Vous connaissez le métier de votre chauffeur quotidien. Appuyez sur l’accélérateur, l’accélérateur s’ouvre, le moteur aspire de l’air et vous accélérez. Enlevez le pied, l’accélérateur se ferme, le vide se crée et vous roulez en roue libre. C’est de la physique simple. Si vous atteignez une pente raide, vous pouvez rétrograder pour maintenir le régime élevé et économiser les plaquettes de frein. Cela fonctionne bien pour deux tonnes d’aluminium et de verre.
Essayez cela avec un semi-remorque de quatre-vingt mille livres. Cela ne fonctionne pas.
Un freinage régulier en semi est un cauchemar thermique. Une friction continue transforme les tambours de frein en projectiles chauffés au rouge. Même si vous passez à un rapport inférieur, la résistance naturelle du moteur n’est pas suffisante pour contrôler trois tonnes et demie d’élan lors d’une longue descente. Vous avez besoin d’une approche différente. Vous devez transformer le moteur diesel lui-même en frein.
La mécanique d’un système de compression-libération
Pour comprendre comment cela fonctionne, il faut regarder ce que fait réellement un moteur diesel. Contrairement aux moteurs à essence qui limitent le débit d’air, les moteurs diesel aspirent de l’air de manière illimitée.
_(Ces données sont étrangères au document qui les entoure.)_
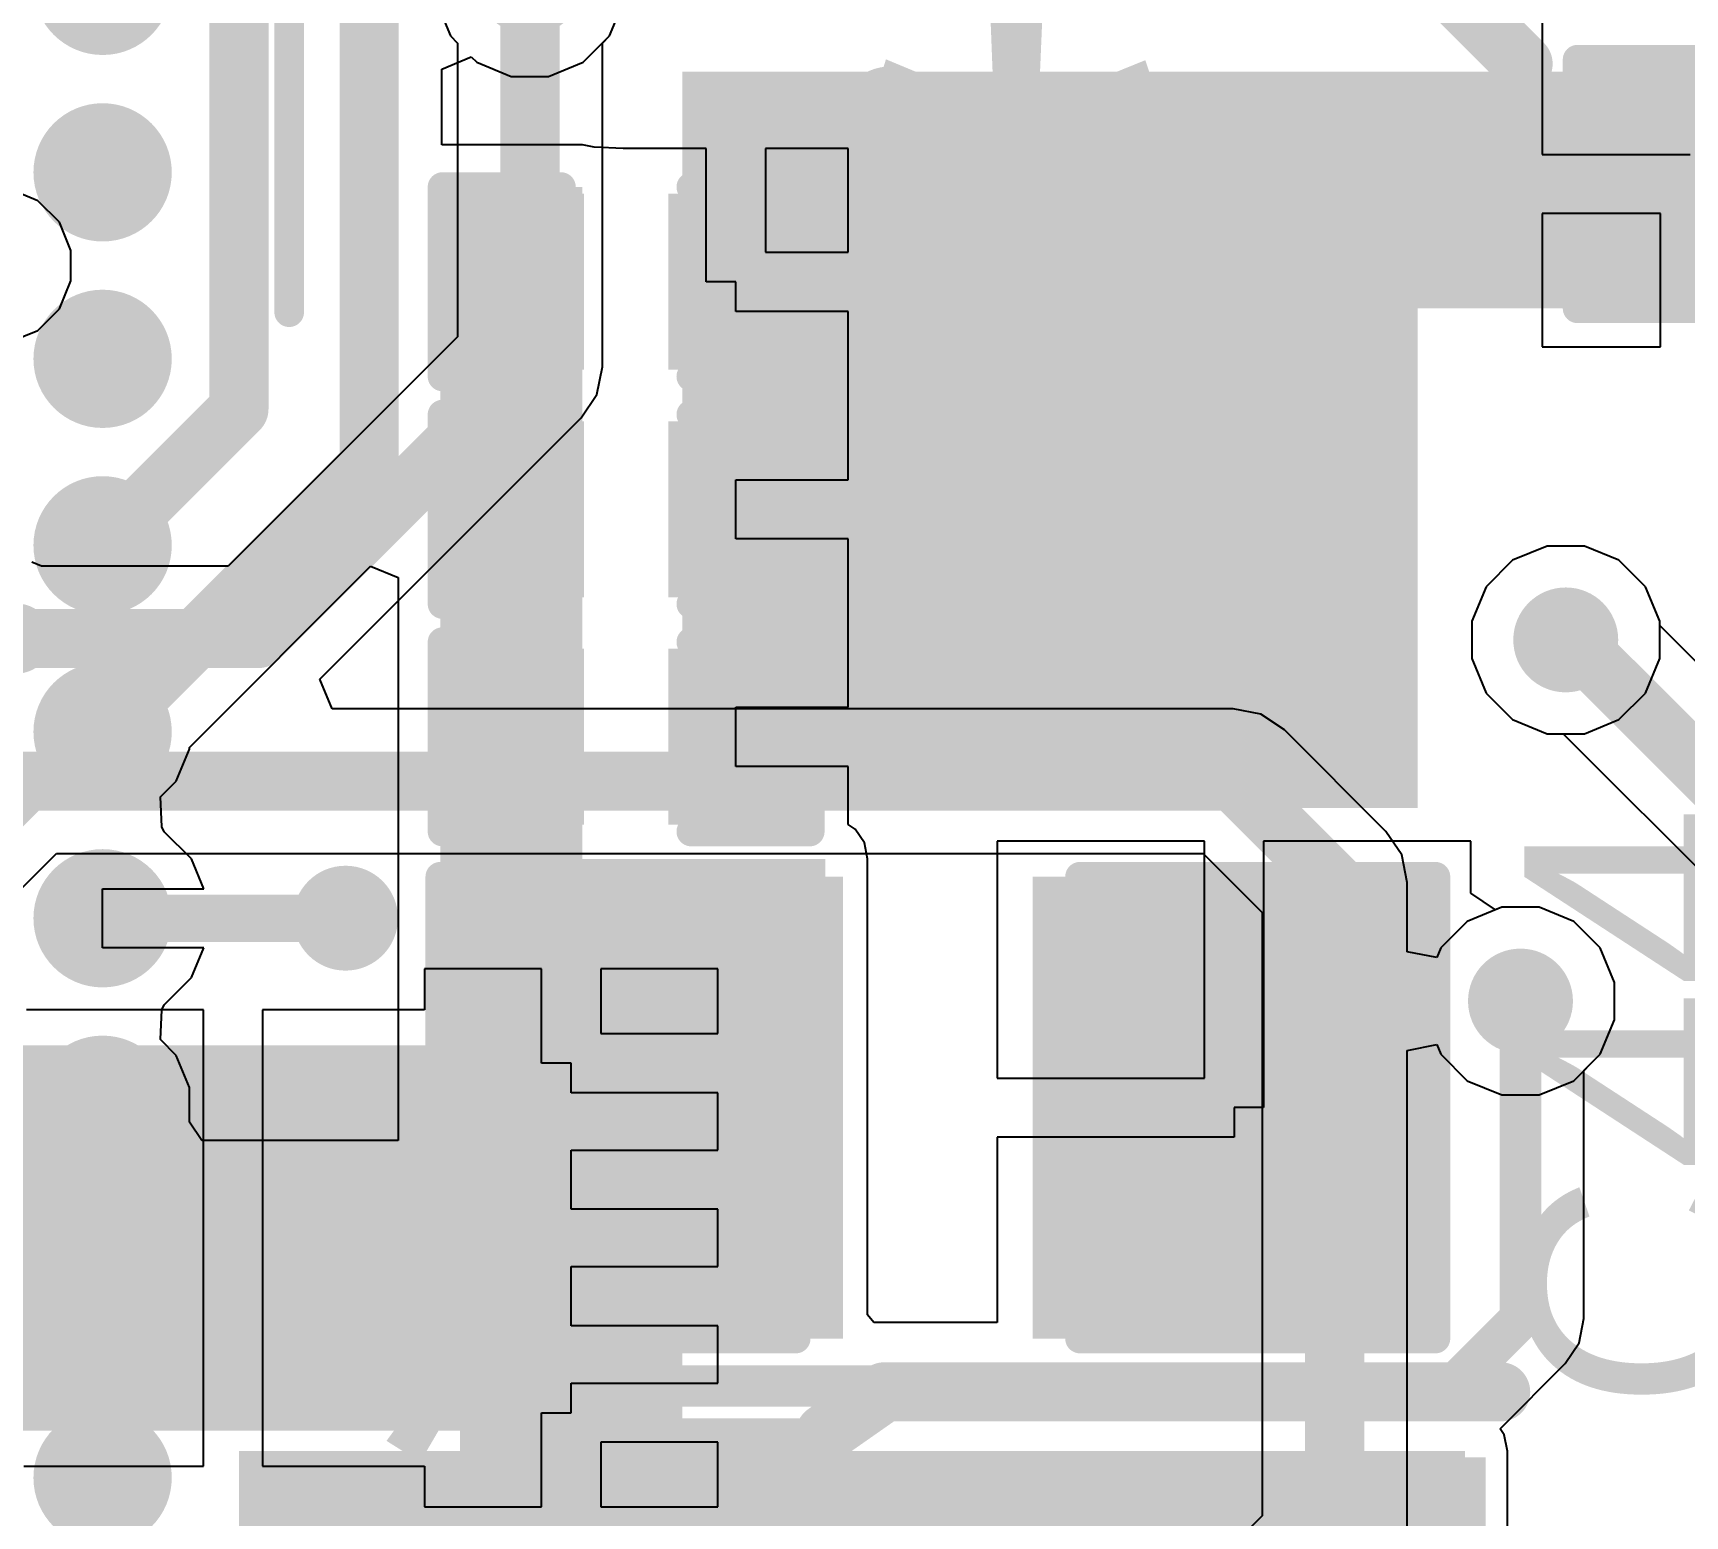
# Model space of a CAD drawing. Header units: millimetres. Extents: x -5.5 to 48.8, y -1.4 to 42.1.
# Drawn here: x 28.35 to 35.44, y 19.05 to 25.41 of the extents above; entities that cross this region are included whole.
import ezdxf

# ---------------------------------------------------------------- set-up
doc = ezdxf.new("R2010")
doc.units = ezdxf.units.MM
for name, color, linetype in [('BottomLayer', 5, 'Continuous'), ('BottomPaste', 16, 'Continuous'), ('BottomSolder', 6, 'Continuous'), ('TopLayer', 1, 'Continuous'), ('TopOverlay', 2, 'Continuous'), ('TopPaste', 8, 'Continuous'), ('TopSolder', 216, 'Continuous'), ('ViaHoleLayer', 16, 'Continuous')]:
    doc.layers.add(name, color=color, linetype=linetype)
doc.styles.add('Arial', font='', dxfattribs={"height": 0.2})
doc.styles.get('Arial').set_extended_font_data('Arial')

# ---------------------------------------------------------------- blocks, each defined once
blk = doc.blocks.new('SMA_3')
at = {"layer": 'TopLayer'}
for points in [[(-3.25, 0.85), (-0.75, 0.85), (-0.75, -0.85), (-3.25, -0.85)], [(0.75, 0.85), (3.25, 0.85), (3.25, -0.85), (0.75, -0.85)]]:
    blk.add_hatch(color=1, dxfattribs=at).paths.add_polyline_path(points)
at = {"layer": 'TopOverlay'}
for points in [[(-4.445, -1.4216), (-3.278, -1.4216), (-3.278, 1.4219), (-4.445, 1.4219)], [(-3.3, 0.924), (-2.596, 0.924), (-2.596, 1.4219), (-3.3, 1.4219)], [(-3.3, -1.4219), (-2.596, -1.4219), (-2.596, -0.924), (-3.3, -0.924)]]:
    blk.add_hatch(color=2, dxfattribs=at).paths.add_polyline_path(points)
at = {"layer": 'TopPaste'}
for points in [[(-3.25, 0.85), (-0.75, 0.85), (-0.75, -0.85), (-3.25, -0.85)], [(0.75, 0.85), (3.25, 0.85), (3.25, -0.85), (0.75, -0.85)]]:
    blk.add_hatch(color=8, dxfattribs=at).paths.add_polyline_path(points)
at = {"layer": 'TopSolder'}
for points in [[(-3.3516, 0.9516), (-0.6484, 0.9516), (-0.6484, -0.9516), (-3.3516, -0.9516)], [(0.6484, 0.9516), (3.3516, 0.9516), (3.3516, -0.9516), (0.6484, -0.9516)]]:
    blk.add_hatch(color=216, dxfattribs=at).paths.add_polyline_path(points)
at = {"layer": 'TopOverlay', "const_width": 0.127}
for points in [[(-2.6581, 1.3577), (2.0612, 1.3577)], [(2.0612, 1.3577), (2.0612, 1.0122)], [(2.0612, -1.0122), (2.0612, -1.3577)], [(-2.6581, -1.3577), (2.0612, -1.3577)]]:
    blk.add_lwpolyline(points, dxfattribs=at)
at = {"layer": 'TopOverlay', "const_width": 0.0635}
for points in [[(-2.6899, 1.3577, 1), (-2.6264, 1.3577, 1)], [(2.0295, 1.3577, 1), (2.093, 1.3577, 1)], [(2.0295, 1.3577, 1), (2.093, 1.3577, 1)], [(2.0295, 1.0122, 1), (2.093, 1.0122, 1)], [(2.0295, -1.0122, 1), (2.093, -1.0122, 1)], [(-2.6899, -1.3577, 1), (-2.6264, -1.3577, 1)], [(2.0295, -1.3577, 1), (2.093, -1.3577, 1)], [(2.0295, -1.3577, 1), (2.093, -1.3577, 1)]]:
    blk.add_lwpolyline(points, format="xyb", close=True, dxfattribs=at)
blk = doc.blocks.new('DFN_8_EP_2_3__B_28')
at = {"layer": 'BottomLayer'}
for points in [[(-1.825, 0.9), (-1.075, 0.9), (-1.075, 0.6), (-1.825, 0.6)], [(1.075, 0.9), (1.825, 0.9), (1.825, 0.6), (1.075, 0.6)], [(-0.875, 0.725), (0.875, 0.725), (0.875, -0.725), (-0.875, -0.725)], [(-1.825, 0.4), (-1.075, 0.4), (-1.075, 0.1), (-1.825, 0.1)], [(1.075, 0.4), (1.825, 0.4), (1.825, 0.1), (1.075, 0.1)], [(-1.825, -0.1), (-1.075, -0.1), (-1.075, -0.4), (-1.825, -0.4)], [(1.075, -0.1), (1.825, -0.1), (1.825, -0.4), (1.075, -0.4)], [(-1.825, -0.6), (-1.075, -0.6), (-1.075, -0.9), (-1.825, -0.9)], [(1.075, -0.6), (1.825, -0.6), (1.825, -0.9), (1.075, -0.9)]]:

L’injecteur se déclenche, la compression enflamme le carburant et les gaz en expansion poussent le piston vers le bas. Cette course descendante fournit de la puissance aux roues.
Un frein moteur inverse ce processus. Cela ne coupe pas le carburant au ralenti. Il maintient l’admission d’air ouverte mais modifie le calage des soupapes d’échappement. Lorsque le piston atteint le sommet de sa course, au lieu de retenir cet air comprimé pour le repousser et créer de la puissance, le moteur ouvre la soupape d’échappement plus tôt.
Le piston pousse l’air comprimé hors de la soupape d’échappement située en haut du cylindre et ralentit efficacement l’engin.
Il s’agit du frein à relâchement de compression. Le conducteur actionne un interrupteur dans la cabine. Cela engage un mécanisme, généralement via des culbuteurs ou des suiveurs de came, qui force les soupapes d’échappement à s’ouvrir pendant la course de compression. Le cylindre se remplit d’air. Le piston essaie de le comprimer. Ensuite, avant que cette énergie puisse être transférée au vilebrequin, la soupape s’ouvre. L’air comprimé expulse les gaz d’échappement.
L’énergie qui aurait poussé le piston vers le bas et accéléré le camion est perdue dans l’atmosphère. Le moteur devient une énorme pompe à air. Le conducteur doit travailler dur juste pour faire tourner le vilebrequin contre cette résistance. Cette résistance est la force de freinage. C’est énorme. C’est cohérent. Et il ne génère presque aucune chaleur dans les freins de service.
Pourquoi les freins sur échappement ne suffisent pas
Vous entendrez peut-être « frein sur échappement » et « frein moteur » utilisés de manière interchangeable par des personnes qui ne connaissent pas la différence. Ils ont tort.
Un frein sur échappement est une simple vanne papillon montée dans le tuyau d’échappement. Il se ferme pour créer une contre-pression. Le moteur doit travailler plus fort pour expulser les gaz d’échappement vers ce petit trou. Cela aide. C’est mieux que rien. Son installation est peu coûteuse. Mais ce n’est pas un système de compression.
Sur une pente de quarante-cinq degrés à pleine charge, un frein sur échappement vous empêchera d’accélérer. Cela ne vous ralentira pas à une vitesse sûre. Un frein moteur à relâchement de compression modifie la mécanique interne du moteur pour dissiper l’énergie cinétique. Il fournit une puissance de freinage qu’un frein sur échappement ne peut tout simplement pas égaler.
Le coût d’ignorer la physique
Les systèmes échouent. Les conducteurs font des erreurs. Et la gravité ne se soucie pas de votre liste d’équipement.